(Dataset items)
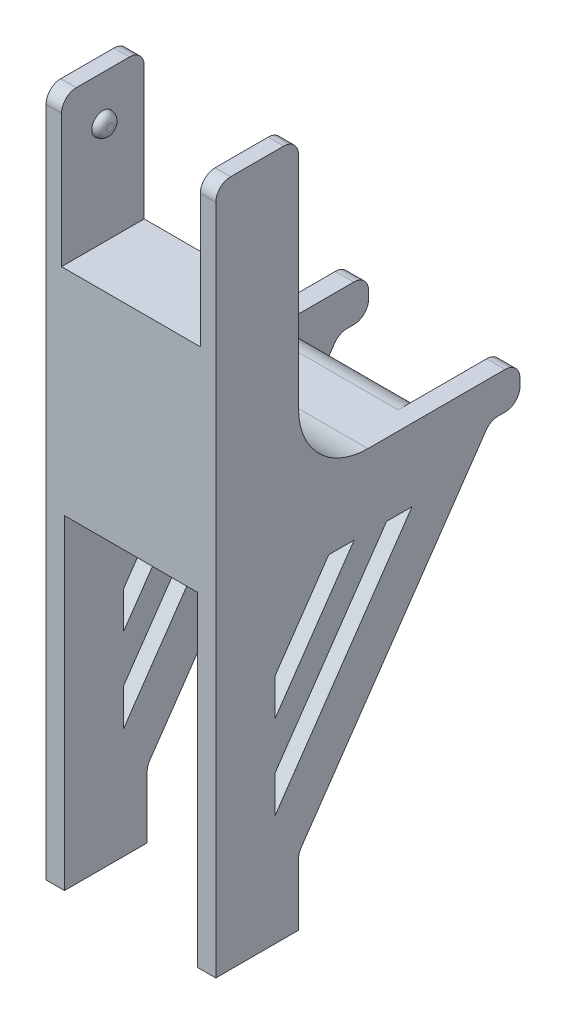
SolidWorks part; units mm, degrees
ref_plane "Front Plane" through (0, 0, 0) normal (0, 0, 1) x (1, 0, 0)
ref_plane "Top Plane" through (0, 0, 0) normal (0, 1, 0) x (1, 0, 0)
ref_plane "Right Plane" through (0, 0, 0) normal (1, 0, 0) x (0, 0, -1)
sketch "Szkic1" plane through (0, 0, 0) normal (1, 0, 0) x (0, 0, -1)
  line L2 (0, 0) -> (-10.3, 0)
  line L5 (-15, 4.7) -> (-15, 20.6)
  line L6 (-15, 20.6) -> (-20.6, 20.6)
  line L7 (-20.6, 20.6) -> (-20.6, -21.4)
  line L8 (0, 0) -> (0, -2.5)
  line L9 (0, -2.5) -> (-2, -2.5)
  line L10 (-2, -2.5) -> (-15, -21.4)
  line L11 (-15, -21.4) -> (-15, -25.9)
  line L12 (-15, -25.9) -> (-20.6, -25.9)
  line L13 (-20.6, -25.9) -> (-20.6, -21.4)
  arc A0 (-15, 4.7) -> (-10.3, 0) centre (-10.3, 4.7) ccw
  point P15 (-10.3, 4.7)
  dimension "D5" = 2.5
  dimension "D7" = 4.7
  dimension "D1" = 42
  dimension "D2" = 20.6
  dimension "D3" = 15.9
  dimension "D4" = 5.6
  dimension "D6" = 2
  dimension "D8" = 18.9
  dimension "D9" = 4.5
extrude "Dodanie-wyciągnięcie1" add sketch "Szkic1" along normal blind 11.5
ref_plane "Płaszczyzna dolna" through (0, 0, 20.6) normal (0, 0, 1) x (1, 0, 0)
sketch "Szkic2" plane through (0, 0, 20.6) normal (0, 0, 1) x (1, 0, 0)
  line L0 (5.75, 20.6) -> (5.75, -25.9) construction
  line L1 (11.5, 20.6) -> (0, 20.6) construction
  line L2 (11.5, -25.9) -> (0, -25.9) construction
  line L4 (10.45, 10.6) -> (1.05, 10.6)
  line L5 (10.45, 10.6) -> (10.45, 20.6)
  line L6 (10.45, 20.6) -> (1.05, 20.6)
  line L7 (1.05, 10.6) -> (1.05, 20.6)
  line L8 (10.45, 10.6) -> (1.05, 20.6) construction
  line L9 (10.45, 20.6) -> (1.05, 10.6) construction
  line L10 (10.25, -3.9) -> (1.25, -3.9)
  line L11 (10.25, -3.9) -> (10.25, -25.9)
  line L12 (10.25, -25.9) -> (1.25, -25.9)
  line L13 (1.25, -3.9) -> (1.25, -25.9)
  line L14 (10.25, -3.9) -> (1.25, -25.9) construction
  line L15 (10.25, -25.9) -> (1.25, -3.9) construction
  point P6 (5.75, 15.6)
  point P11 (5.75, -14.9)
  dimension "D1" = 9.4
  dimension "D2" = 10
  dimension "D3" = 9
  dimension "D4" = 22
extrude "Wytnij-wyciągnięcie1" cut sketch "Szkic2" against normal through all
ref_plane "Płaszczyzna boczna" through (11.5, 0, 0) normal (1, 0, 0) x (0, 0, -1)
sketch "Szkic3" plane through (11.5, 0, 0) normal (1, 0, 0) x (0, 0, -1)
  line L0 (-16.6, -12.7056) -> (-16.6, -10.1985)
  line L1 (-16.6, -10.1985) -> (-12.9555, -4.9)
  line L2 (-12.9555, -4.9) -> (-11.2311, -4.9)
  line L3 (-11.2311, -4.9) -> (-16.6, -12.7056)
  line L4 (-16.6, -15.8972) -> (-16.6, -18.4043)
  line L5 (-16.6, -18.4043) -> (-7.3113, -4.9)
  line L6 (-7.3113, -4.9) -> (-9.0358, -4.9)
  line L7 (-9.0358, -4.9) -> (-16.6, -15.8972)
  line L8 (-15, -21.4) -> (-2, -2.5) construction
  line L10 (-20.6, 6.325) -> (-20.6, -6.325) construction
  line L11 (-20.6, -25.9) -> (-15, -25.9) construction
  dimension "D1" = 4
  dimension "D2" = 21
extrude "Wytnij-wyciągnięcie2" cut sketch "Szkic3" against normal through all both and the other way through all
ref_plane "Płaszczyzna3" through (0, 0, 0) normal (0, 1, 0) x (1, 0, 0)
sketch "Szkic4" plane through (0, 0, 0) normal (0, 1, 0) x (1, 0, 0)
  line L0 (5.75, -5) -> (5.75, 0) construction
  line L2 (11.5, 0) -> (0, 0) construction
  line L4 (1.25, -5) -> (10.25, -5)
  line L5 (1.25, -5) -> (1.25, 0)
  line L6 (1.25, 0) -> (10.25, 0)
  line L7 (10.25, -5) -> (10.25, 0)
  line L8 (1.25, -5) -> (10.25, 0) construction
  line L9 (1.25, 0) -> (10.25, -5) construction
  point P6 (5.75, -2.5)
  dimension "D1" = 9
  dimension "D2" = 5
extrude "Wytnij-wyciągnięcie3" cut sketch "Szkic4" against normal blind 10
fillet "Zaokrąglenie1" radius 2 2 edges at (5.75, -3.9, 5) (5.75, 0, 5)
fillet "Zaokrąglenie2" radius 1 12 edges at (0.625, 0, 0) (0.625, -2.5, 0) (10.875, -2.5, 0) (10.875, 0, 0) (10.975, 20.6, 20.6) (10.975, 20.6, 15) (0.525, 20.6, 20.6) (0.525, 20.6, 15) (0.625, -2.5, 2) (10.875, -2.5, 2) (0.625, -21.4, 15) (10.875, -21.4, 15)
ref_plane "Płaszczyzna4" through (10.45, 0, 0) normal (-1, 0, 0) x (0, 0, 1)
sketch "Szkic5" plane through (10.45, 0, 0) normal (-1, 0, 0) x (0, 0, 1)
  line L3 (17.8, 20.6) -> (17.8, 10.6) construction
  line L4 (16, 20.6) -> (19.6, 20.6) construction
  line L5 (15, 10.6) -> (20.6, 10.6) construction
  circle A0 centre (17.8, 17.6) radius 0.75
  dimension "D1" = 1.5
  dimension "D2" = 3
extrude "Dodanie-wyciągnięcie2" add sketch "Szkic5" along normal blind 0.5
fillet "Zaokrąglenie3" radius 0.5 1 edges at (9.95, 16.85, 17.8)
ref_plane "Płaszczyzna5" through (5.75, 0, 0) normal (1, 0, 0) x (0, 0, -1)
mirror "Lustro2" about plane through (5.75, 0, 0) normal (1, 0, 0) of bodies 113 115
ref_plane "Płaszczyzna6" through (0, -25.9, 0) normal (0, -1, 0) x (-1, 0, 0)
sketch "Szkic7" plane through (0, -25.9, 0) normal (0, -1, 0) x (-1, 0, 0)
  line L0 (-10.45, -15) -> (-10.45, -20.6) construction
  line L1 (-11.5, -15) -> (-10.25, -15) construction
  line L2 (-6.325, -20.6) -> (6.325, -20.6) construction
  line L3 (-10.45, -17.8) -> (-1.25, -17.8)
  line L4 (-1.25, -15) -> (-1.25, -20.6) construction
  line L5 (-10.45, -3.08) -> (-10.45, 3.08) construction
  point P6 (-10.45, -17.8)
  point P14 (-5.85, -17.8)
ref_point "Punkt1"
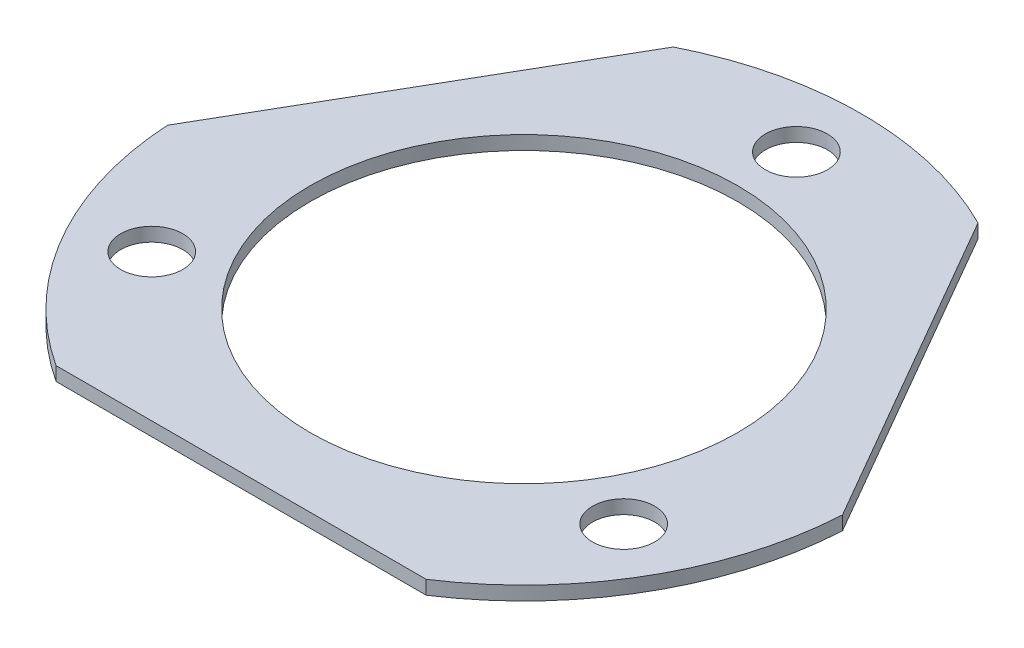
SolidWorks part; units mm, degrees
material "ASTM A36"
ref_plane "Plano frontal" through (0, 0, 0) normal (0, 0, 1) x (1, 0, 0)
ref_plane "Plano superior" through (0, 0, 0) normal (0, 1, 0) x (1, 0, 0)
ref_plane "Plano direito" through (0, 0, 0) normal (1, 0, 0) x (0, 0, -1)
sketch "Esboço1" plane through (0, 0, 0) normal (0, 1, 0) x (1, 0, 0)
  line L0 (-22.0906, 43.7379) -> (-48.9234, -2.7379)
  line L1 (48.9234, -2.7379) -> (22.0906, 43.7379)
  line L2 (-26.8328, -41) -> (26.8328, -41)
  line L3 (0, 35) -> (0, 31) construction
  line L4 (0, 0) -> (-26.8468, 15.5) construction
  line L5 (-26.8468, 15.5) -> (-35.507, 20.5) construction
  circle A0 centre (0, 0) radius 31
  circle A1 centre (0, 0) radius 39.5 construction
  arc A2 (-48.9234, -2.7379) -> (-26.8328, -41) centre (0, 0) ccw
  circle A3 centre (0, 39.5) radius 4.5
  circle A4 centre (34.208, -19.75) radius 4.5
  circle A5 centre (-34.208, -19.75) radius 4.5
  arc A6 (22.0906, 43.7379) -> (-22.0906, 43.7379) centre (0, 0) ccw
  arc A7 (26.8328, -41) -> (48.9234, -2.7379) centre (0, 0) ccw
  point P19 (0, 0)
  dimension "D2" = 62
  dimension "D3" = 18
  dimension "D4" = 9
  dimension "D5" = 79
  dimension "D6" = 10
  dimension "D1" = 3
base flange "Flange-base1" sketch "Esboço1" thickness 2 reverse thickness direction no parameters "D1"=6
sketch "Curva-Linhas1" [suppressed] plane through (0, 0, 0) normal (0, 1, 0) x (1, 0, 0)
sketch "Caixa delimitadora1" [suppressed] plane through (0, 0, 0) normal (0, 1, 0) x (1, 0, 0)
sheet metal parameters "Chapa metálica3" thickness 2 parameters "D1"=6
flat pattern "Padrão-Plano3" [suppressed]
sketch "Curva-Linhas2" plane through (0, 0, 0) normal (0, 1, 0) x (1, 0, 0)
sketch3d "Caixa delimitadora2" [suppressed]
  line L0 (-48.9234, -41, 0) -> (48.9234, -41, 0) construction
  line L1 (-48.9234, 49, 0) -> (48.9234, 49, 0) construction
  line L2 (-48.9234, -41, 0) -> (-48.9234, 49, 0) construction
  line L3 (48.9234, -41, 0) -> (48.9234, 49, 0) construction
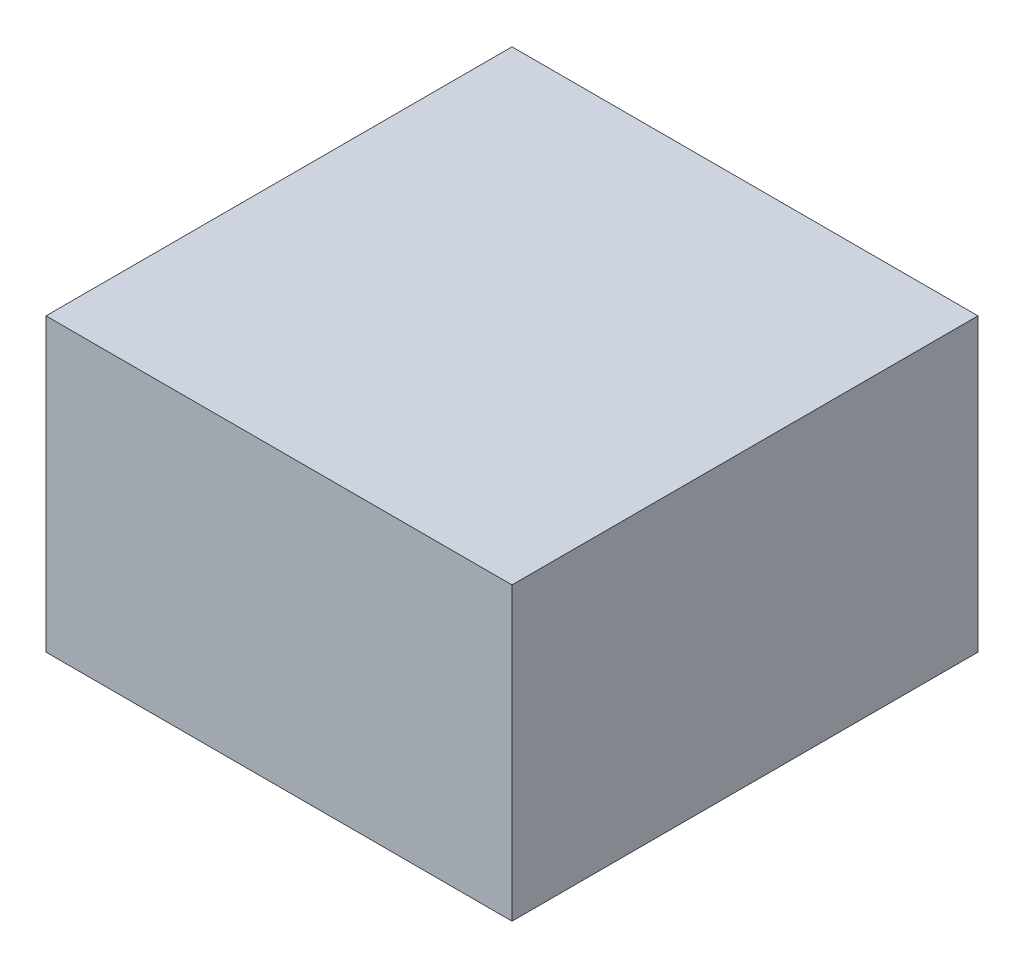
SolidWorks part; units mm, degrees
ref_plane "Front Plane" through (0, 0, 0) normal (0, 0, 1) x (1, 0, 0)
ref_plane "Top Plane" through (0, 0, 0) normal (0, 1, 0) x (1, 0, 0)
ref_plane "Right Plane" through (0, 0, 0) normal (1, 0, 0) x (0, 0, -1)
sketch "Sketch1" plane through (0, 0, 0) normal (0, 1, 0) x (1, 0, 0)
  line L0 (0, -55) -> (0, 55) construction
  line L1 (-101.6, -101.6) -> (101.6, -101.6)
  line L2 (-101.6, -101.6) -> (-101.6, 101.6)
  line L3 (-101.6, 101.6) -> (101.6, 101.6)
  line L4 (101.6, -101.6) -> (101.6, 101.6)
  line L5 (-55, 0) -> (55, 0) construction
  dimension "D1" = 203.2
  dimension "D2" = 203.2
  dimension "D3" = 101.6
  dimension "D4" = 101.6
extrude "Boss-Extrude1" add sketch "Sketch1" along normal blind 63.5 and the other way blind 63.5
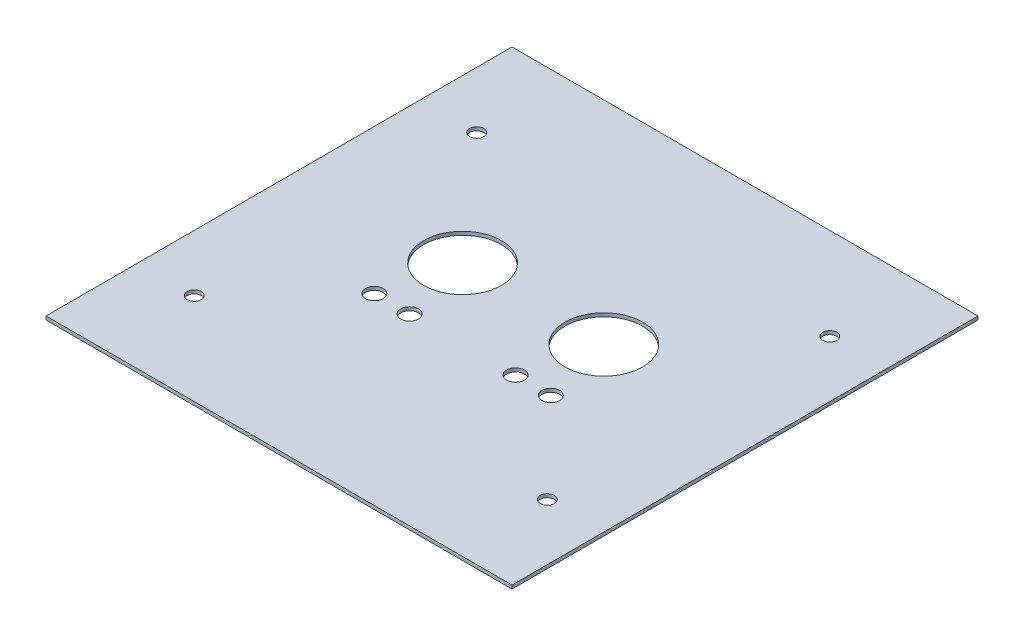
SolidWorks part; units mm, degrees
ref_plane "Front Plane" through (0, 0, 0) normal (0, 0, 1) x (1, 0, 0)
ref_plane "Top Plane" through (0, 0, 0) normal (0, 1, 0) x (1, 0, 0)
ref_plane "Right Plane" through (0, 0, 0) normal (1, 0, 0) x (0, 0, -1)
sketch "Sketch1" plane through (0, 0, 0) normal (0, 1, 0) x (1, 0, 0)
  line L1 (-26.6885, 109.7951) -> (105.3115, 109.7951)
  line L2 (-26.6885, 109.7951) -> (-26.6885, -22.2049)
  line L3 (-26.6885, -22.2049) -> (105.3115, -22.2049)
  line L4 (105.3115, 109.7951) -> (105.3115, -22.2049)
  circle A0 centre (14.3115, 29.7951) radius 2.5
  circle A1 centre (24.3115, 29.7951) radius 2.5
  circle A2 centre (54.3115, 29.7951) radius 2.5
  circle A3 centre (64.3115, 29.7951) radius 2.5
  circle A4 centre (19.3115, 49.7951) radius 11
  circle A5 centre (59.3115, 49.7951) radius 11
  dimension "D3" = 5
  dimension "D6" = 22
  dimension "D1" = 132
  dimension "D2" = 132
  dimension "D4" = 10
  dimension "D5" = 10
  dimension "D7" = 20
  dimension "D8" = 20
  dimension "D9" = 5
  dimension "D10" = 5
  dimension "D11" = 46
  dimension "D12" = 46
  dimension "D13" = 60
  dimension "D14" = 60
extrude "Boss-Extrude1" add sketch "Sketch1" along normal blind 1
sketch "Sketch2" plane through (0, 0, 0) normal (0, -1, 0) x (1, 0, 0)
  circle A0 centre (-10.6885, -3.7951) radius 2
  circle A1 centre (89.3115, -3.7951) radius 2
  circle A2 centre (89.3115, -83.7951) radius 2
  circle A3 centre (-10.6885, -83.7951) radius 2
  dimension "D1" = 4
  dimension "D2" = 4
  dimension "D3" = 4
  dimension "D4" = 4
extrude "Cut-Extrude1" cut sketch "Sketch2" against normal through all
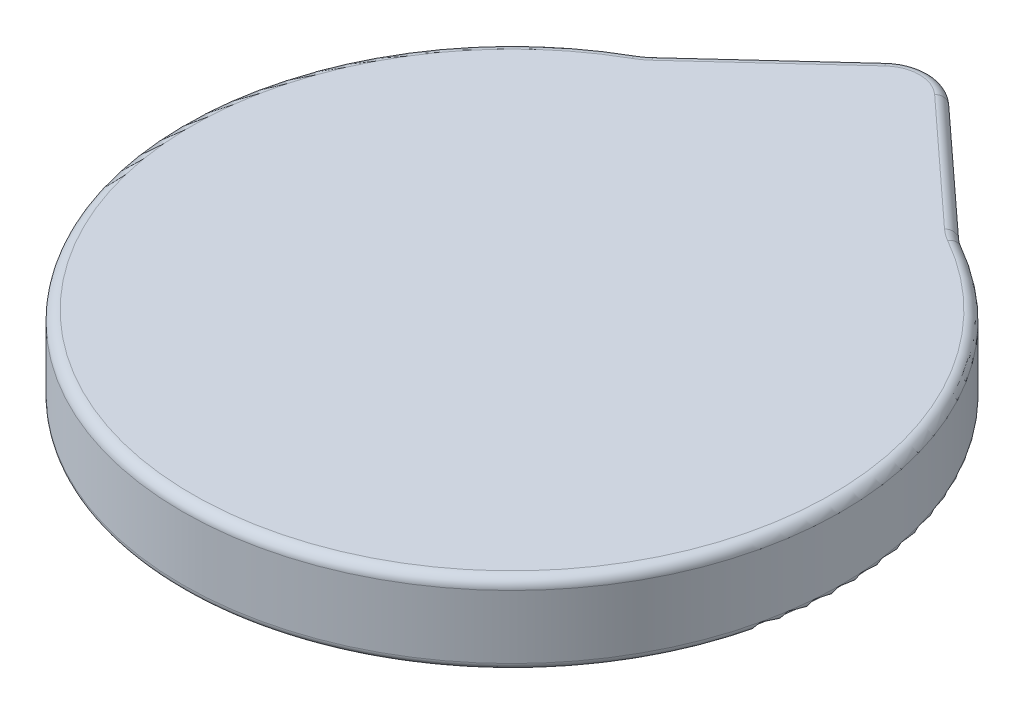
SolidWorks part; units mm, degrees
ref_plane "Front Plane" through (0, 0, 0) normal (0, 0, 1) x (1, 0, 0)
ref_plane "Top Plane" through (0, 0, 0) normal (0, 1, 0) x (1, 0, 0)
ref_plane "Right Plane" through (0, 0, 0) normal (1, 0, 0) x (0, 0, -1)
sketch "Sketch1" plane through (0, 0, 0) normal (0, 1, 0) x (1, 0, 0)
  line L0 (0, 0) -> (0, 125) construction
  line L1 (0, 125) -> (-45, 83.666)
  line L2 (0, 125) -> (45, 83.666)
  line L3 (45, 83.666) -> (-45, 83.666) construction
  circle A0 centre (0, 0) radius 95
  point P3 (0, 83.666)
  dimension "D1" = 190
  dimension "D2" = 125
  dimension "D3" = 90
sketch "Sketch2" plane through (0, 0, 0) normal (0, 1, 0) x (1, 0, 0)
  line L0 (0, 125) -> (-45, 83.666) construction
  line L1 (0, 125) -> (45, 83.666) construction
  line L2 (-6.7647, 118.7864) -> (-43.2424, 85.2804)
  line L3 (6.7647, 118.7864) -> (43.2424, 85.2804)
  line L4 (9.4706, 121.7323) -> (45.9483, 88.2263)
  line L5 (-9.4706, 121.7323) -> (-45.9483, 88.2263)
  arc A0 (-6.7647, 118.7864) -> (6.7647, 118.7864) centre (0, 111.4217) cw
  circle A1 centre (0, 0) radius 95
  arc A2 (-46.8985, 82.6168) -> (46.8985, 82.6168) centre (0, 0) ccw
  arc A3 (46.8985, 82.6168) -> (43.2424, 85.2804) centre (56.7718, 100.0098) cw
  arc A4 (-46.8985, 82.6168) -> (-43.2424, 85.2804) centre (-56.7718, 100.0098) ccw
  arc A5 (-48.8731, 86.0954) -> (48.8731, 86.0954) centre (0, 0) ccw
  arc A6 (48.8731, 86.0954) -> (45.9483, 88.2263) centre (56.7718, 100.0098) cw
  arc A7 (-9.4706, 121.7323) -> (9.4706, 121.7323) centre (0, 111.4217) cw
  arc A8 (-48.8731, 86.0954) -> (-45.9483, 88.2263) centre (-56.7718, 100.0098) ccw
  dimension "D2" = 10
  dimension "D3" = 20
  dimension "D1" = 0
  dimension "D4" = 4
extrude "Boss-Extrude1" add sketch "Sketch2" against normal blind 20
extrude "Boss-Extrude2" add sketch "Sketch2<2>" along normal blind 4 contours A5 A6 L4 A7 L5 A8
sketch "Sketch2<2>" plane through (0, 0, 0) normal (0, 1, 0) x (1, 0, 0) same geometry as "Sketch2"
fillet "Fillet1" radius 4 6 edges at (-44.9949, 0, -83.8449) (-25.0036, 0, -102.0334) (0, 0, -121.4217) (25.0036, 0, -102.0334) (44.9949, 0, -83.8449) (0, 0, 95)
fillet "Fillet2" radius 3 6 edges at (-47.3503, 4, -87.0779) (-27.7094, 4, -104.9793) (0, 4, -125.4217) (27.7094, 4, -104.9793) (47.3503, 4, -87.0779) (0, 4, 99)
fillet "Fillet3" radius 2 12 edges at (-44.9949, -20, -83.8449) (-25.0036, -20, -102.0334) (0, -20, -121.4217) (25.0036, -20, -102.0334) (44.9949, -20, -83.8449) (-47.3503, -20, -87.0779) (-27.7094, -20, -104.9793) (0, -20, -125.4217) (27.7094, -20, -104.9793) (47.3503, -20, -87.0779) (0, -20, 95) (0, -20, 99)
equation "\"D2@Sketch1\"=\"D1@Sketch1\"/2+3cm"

_DIRECTIONS FOR THIS TASK:_
Within the data, how many lines hold the string "Dodanie"? Answer with the number and nothing more.

_FINISHED EXERCISE:_
2